Both applications illustrate strong coupling between pipeline modules and the "everything is a file" abstraction, with rigorous selection, delivery, and evaluation processes for context artefacts.

6. Traceability, Accountability, and Governance

Every pipeline action—context construction, loading, evaluation—produces a log entry enriched with session identity, timestamps, component, touched files, and key decisions. Manifests provide auditable evidence for input selection and ordering. Versioned writes in "/context/memory/…" carry sourceManifest and revisionId for full lineage.

Human overrides are isolated under "/context/human/…", original model outputs preserved. Access controls ensure multi-agent and multi-tenant isolation. The logging directory "/context/logs/" enables post-hoc replay, compliance audit, and rollback, constituting a foundation for transparent, accountable AI co-work.
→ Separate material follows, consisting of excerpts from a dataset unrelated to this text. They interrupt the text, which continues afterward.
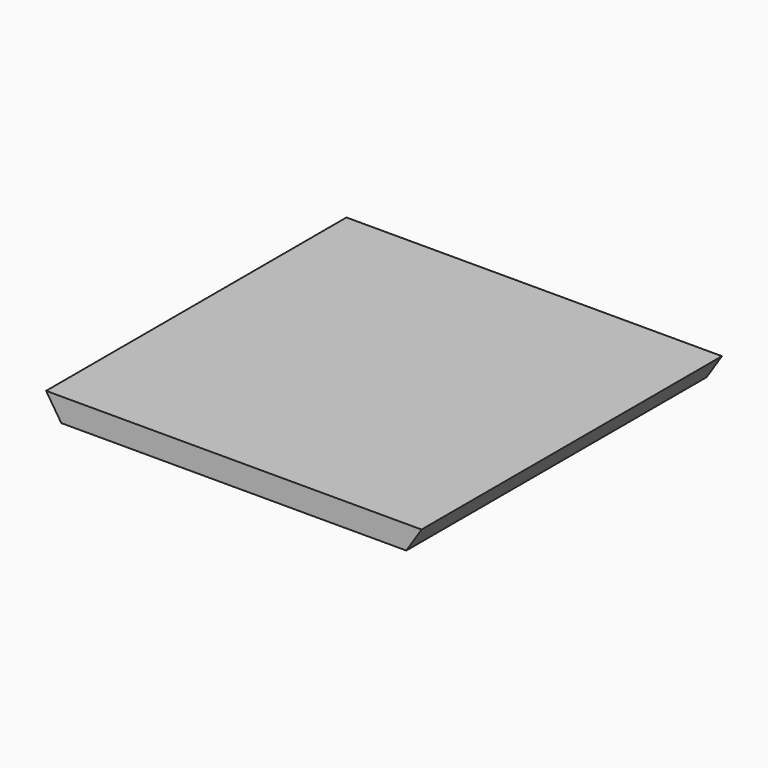
from build123d import *

# Parameters (mm, degrees)
F0_W       = 304.8
F0_H       = 304.8
F1_DEPTH   = 19.05
F2_SIZE2   = 12.371205
F2_SIZE    = 19.04999
F2_2_SIZE2 = 12.371205
F2_2_SIZE  = 19.04999


# Not quite as in the source:
# - a fillet or chamfer is up to 0.001 mm smaller than in the source, because OpenCascade refuses the exact size


with BuildPart() as f1:
    # F0 (on Top) → F1 (new body)
    with BuildSketch(Plane.XY):
        with Locations((3.4177321941, -5.1832514624)):
            Rectangle(F0_W, F0_H)
    extrude(amount=F1_DEPTH)

    # F2 (size 19.05 and 12.3712146504 in the source; OpenCascade refuses exactly that, so slightly less here)
    f2_edges = [f1.edges().sort_by_distance(p)[0] for p in [
        (-148.982268, -5.183251, 0),
    ]]
    f2_side = f1.faces().sort_by_distance((-148.982268, -5.183251, 9.525))[0]
    chamfer(f2_edges, length=F2_SIZE, length2=F2_SIZE2, reference=f2_side)

    # F2#2 (size 19.05 and 12.3712146504 in the source; OpenCascade refuses exactly that, so slightly less here)
    f2_2_edges = [f1.edges().sort_by_distance(p)[0] for p in [
        (155.817732, -5.183251, 0),
    ]]
    f2_2_side = f1.faces().sort_by_distance((155.817732, -5.183251, 9.525))[0]
    chamfer(f2_2_edges, length=F2_2_SIZE, length2=F2_2_SIZE2, reference=f2_2_side)


solid = f1.part
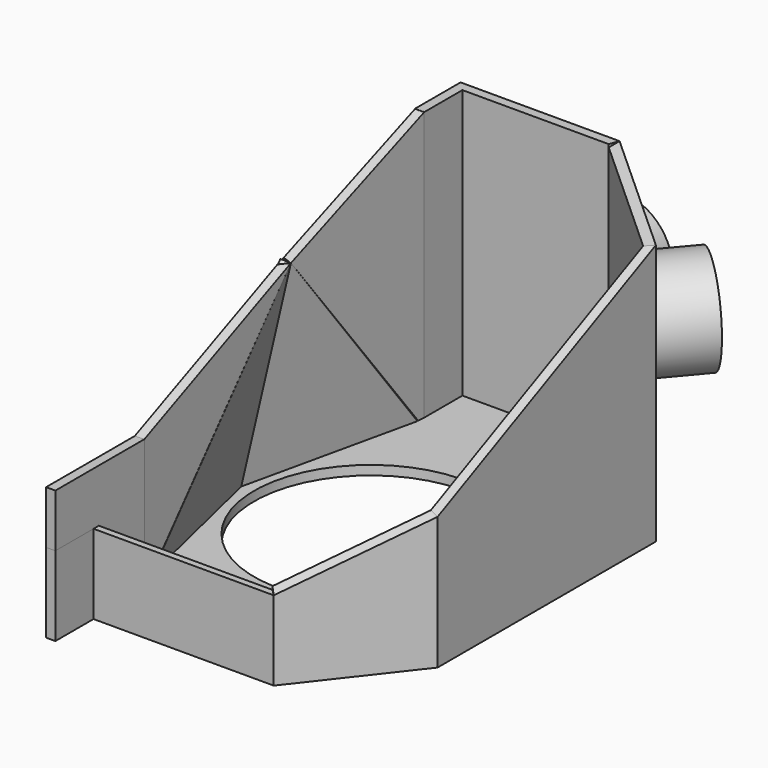
from build123d import *

# Parameters (mm, degrees)
F0_W      = 3.5
F0_H      = 18
F6_DEPTH  = 30
F7_REACH  = 201.50633824
F8_DEPTH  = 105
F10_REACH = 161.9332117682
F12_REACH = 102.7827771036
F15_DEPTH = 25
F16_DEPTH = 25
F0_R      = 5
F0_R_2    = 44
F17_DEPTH = 3.5
F21_DEPTH = 3.5
F0_H_2    = 21.5
F22_DEPTH = 50
F26_DEPTH = 3.5
F30_DEPTH = 3.5
F34_DEPTH = 3.5
F35_W     = 3.5
F35_H     = 20
F36_DEPTH = 20.5


with BuildPart() as f6:
    # F0 (on Top) → F6 (new body, through all)
    with BuildSketch(Plane.XY):
        Polygon((3.5, -177.5), (71.5, -177.5), (69.0107278246, -175), (3.5, -175), (0, -175), (0, -177.5), align=None)
        with Locations((1.75, -186.5)):
            Rectangle(F0_W, F0_H)
    extrude(amount=F6_DEPTH)



with BuildPart() as f7:
    f7_end = Plane(origin=(0, -44.3168900323, 94.2741115233), x_dir=(0, -0.9049939228, -0.4254244936), z_dir=(0, 0.4254244936, -0.9049939228))
    # F0 (on Top) → F7 (new body, up to a plane its end follows)
    with BuildSketch(Plane.XY):
        Polygon((102, -138.3286694261), (102, -35.3643643935), (98.5, -36.9928108308), (98.5, -137.1267531552), align=None)
    f7_long = extrude(amount=F7_REACH, mode=Mode.PRIVATE)
    add(split(f7_long, bisect_by=f7_end, keep=Keep.TOP, mode=Mode.PRIVATE))



with BuildPart() as f8:
    # F0 (on Top) → F8 (new body, through all)
    with BuildSketch(Plane.XY):
        Polygon((60, 0), (0, 0), (0, -21.5), (3.5, -21.5), (3.5, -3.5), (58.722724796, -3.5), align=None)
    extrude(amount=F8_DEPTH)


with BuildPart() as f7_1:
    add(f7.part)

    add(f8.part)  # F10 merges F8
    f10_end = Plane(origin=(60, 0, 105), x_dir=(0, 0.9614490001, 0.2749833091), z_dir=(-0.0820657574, -0.2740557675, 0.9582059527))
    # F0 (on Top) → F10 (join, up to a plane its end follows)
    with BuildSketch(Plane.XY):
        Polygon((102, -35.3643643935), (60, 0), (58.722724796, -3.5), (98.5, -36.9928108308), align=None)
    f10_long = extrude(amount=F10_REACH, mode=Mode.PRIVATE)
    add(split(f10_long, bisect_by=f10_end, keep=Keep.BOTTOM, mode=Mode.PRIVATE))


with BuildPart() as f6_1:
    add(f6.part)

    add(f7_1.part)  # F12 merges F7
    f12_end = Plane(origin=(98.5, -137.1267531552, 50.6455433886), x_dir=(0, 0.8931169065, 0.4498246228), z_dir=(-0.0102958733, -0.4498007803, 0.8930695679))
    # F0 (on Top) → F12 (join, up to a plane its end follows)
    with BuildSketch(Plane.XY):
        Polygon((71.5, -177.5), (102, -138.3286694261), (98.5, -137.1267531552), (69.0107278246, -175), align=None)
    f12_long = extrude(amount=F12_REACH, mode=Mode.PRIVATE)
    add(split(f12_long, bisect_by=f12_end, keep=Keep.BOTTOM, mode=Mode.PRIVATE))


with BuildPart() as f15:
    # F13 (on face) → F15 (new body)
    with BuildSketch(Plane(origin=(0, 0, 0), x_dir=(-1, 0, 0), z_dir=(0, 1, 0))):
        with BuildLine():
            ThreePointArc((-60, 52.5), (-41, 33.5), (-22, 52.5))
            ThreePointArc((-22, 52.5), (-41, 71.5), (-60, 52.5))
        make_face()
    extrude(amount=F15_DEPTH)


with BuildPart() as f16:
    # F14 (on face) → F16 (new body)
    with BuildSketch(Plane(origin=(24.8913101482, 29.5618214594, 0), x_dir=(-0.7649476001, 0.644092516, 0), z_dir=(0.644092516, 0.7649476001, 0))):
        with BuildLine():
            Line((-45.8968560046, 35.7509940048), (-45.8968560046, 68.0619828476))
            ThreePointArc((-45.8968560046, 68.0619828476), (-74.8968560046, 51.9064884262), (-45.8968560046, 35.7509940048))
        make_face()
        with BuildLine():
            ThreePointArc((-45.8968560046, 35.7509940048), (-39.2986633319, 42.6598674217), (-36.8968560046, 51.9064884262))
            ThreePointArc((-36.8968560046, 51.9064884262), (-39.2986633319, 61.1531094306), (-45.8968560046, 68.0619828476))
            Line((-45.8968560046, 68.0619828476), (-45.8968560046, 35.7509940048))
        make_face()
    extrude(amount=F16_DEPTH)


with BuildPart() as f17:
    # F0 (on Top) → F17 (new body)
    with BuildSketch(Plane.XY):
        Polygon((98.5, -36.9928108308), (58.722724796, -3.5), (3.5, -3.5), (3.5, -21.5), (3.5, -21.8849541017), (-11.5, -89.25), (3.5, -153.094366445), (3.5, -153.5), (3.5, -175), (69.0107278246, -175), (98.5, -137.1267531552), align=None)
        with Locations((37.5, -154.25)):
            Circle(F0_R, mode=Mode.SUBTRACT)
        with Locations((37.5, -89.25)):
            Circle(F0_R_2, mode=Mode.SUBTRACT)
        with Locations((37.5, -24.25)):
            Circle(F0_R, mode=Mode.SUBTRACT)
    extrude(amount=F17_DEPTH)


with BuildPart() as f21:
    # F20 (on 3pt) → F21 (new body)
    with BuildSketch(Plane(origin=(7.8663280231, -1.7515748527, -0.9582026436), x_dir=(-0.2142407567, -0.9764322069, 0.0260968089), z_dir=(-0.9692677662, 0.2158243389, 0.1180671507))):
        Polygon((80.1370792473, 76.9313541176), (20.619331384, 0.4232091326), (90.4000018708, -1.8246819942), align=None)
    extrude(amount=F21_DEPTH)


with BuildPart() as f22:
    # F0 (on Top) → F22 (new body)
    with BuildSketch(Plane.XY):
        with Locations((1.75, -164.25)):
            Rectangle(F0_W, F0_H_2)
    extrude(amount=F22_DEPTH)

    # F35 (on face) → F36 (join, through all)
    with BuildSketch(Plane.XZ.offset(175)):
        with Locations((1.75, 40)):
            Rectangle(F35_W, F35_H)
    extrude(amount=F36_DEPTH)


with BuildPart() as f26:
    # F25 (on 3pt) → F26 (new body)
    with BuildSketch(Plane(origin=(-30.3997140605, -7.2539765203, 5.5066874197), x_dir=(-0.2249220316, 0.9735245699, 0.0407429925), z_dir=(0.9579352039, 0.228582396, -0.1735230051))):
        Polygon((-149.8283543617, 0.623847139), (-85.0179586872, -2.493068384), (-74.7243836748, 76.2589672614), align=None)
    extrude(amount=-F26_DEPTH)


with BuildPart() as f30:
    # F29 (on 3pt) → F30 (new body)
    with BuildSketch(Plane(origin=(4.7692531664, -0.285339933, 0), x_dir=(-0.0597222669, -0.9982150324, 0), z_dir=(-0.9982150324, 0.0597222669, 0))):
        Polygon((79.8572025891, 77.5), (21.2525952617, 105.0000000001), (21.2525952617, 0), align=None)
    extrude(amount=F30_DEPTH)


with BuildPart() as f34:
    # F33 (on 3pt) → F34 (new body)
    with BuildSketch(Plane(origin=(-3.8009049774, -0.1809954751, 0), x_dir=(0.0475651494, -0.9988681377, 0), z_dir=(-0.9988681377, -0.0475651494, 0))):
        Polygon((153.4927371637, 50), (79.909451018, 77.5), (153.4927371637, 0), align=None)
    extrude(amount=F34_DEPTH)


solid = Compound([f6_1.part, f15.part, f16.part, f17.part, f21.part, f22.part, f26.part, f30.part, f34.part])
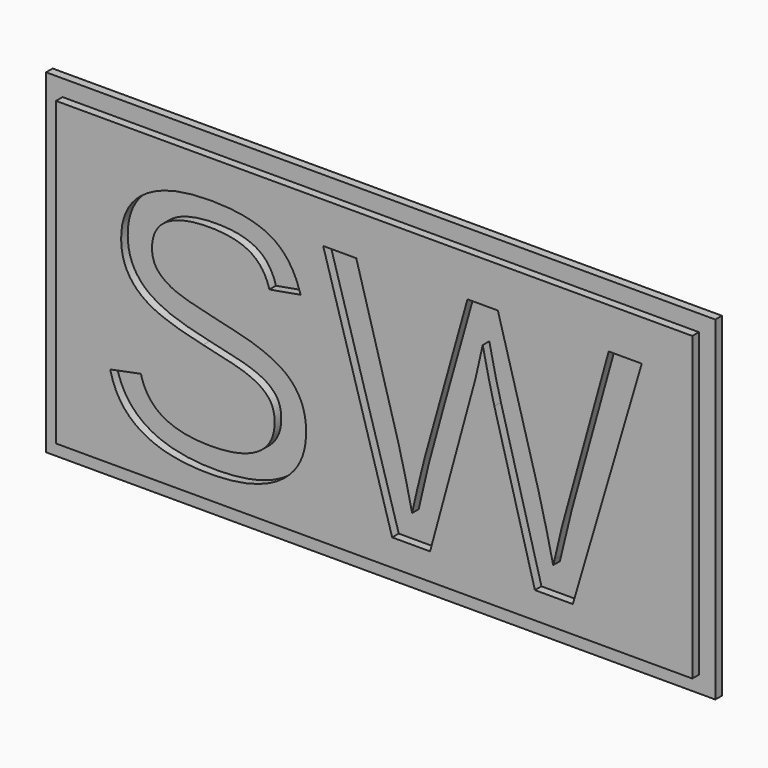
from build123d import *

# Parameters (mm, degrees)
F0_W         = 203.25
F0_H         = 101.6
F0_W_2       = 193.25
F0_H_2       = 91.6
F1_DEPTH     = 2.5
F2_DEPTH     = 2.5
F3_TEXT_SIZE = 103.3482646259
F4_DEPTH     = 2.6


# Not quite as in the source:
# - Text() gives the source's letters only with a copy of the font that has no kerning and outlines rounded to 1/6400 em; it was checked with that copy


with BuildPart() as f1:
    # F0 (on Front) → F1 (new body)
    with BuildSketch(Plane.XZ):
        with Locations((101.625, 50.8)):
            Rectangle(F0_W, F0_H)
        with Locations((101.625, 50.8)):
            Rectangle(F0_W_2, F0_H_2, mode=Mode.SUBTRACT)
        with Locations((101.625, 50.8)):
            Rectangle(F0_W_2, F0_H_2)
    extrude(amount=-F1_DEPTH)


with BuildPart() as f2:
    # F0 (on Front) → F2 (new body)
    with BuildSketch(Plane.XZ):
        with Locations((101.625, 50.8)):
            Rectangle(F0_W_2, F0_H_2)
    extrude(amount=F2_DEPTH)

    # F3 (on face) → F4 (cut)
    with BuildSketch(Plane.XZ.offset(2.5)):
        with Locations((16.772704199, 13.0987772718)):
            Text('SW', F3_TEXT_SIZE, font='Arimo', text_align=(TextAlign.LEFT, TextAlign.BOTTOM))
    extrude(amount=-F4_DEPTH, mode=Mode.SUBTRACT)


solid = Compound([f1.part, f2.part])

7. Significance in Context Engineering

This architecture renders context engineering into a disciplined, auditable, modular process, establishing a persistent substrate for all context artefacts. The pipeline is extensible: new data sources can be mounted, custom module hooks developed, and full governance exercised over the context lifecycle. This enables maintainable, verifiable, and industry-ready GenAI systems that elevate human curation, verification, and joint reasoning as first-class obligations (Xu et al., 5 Dec 2025).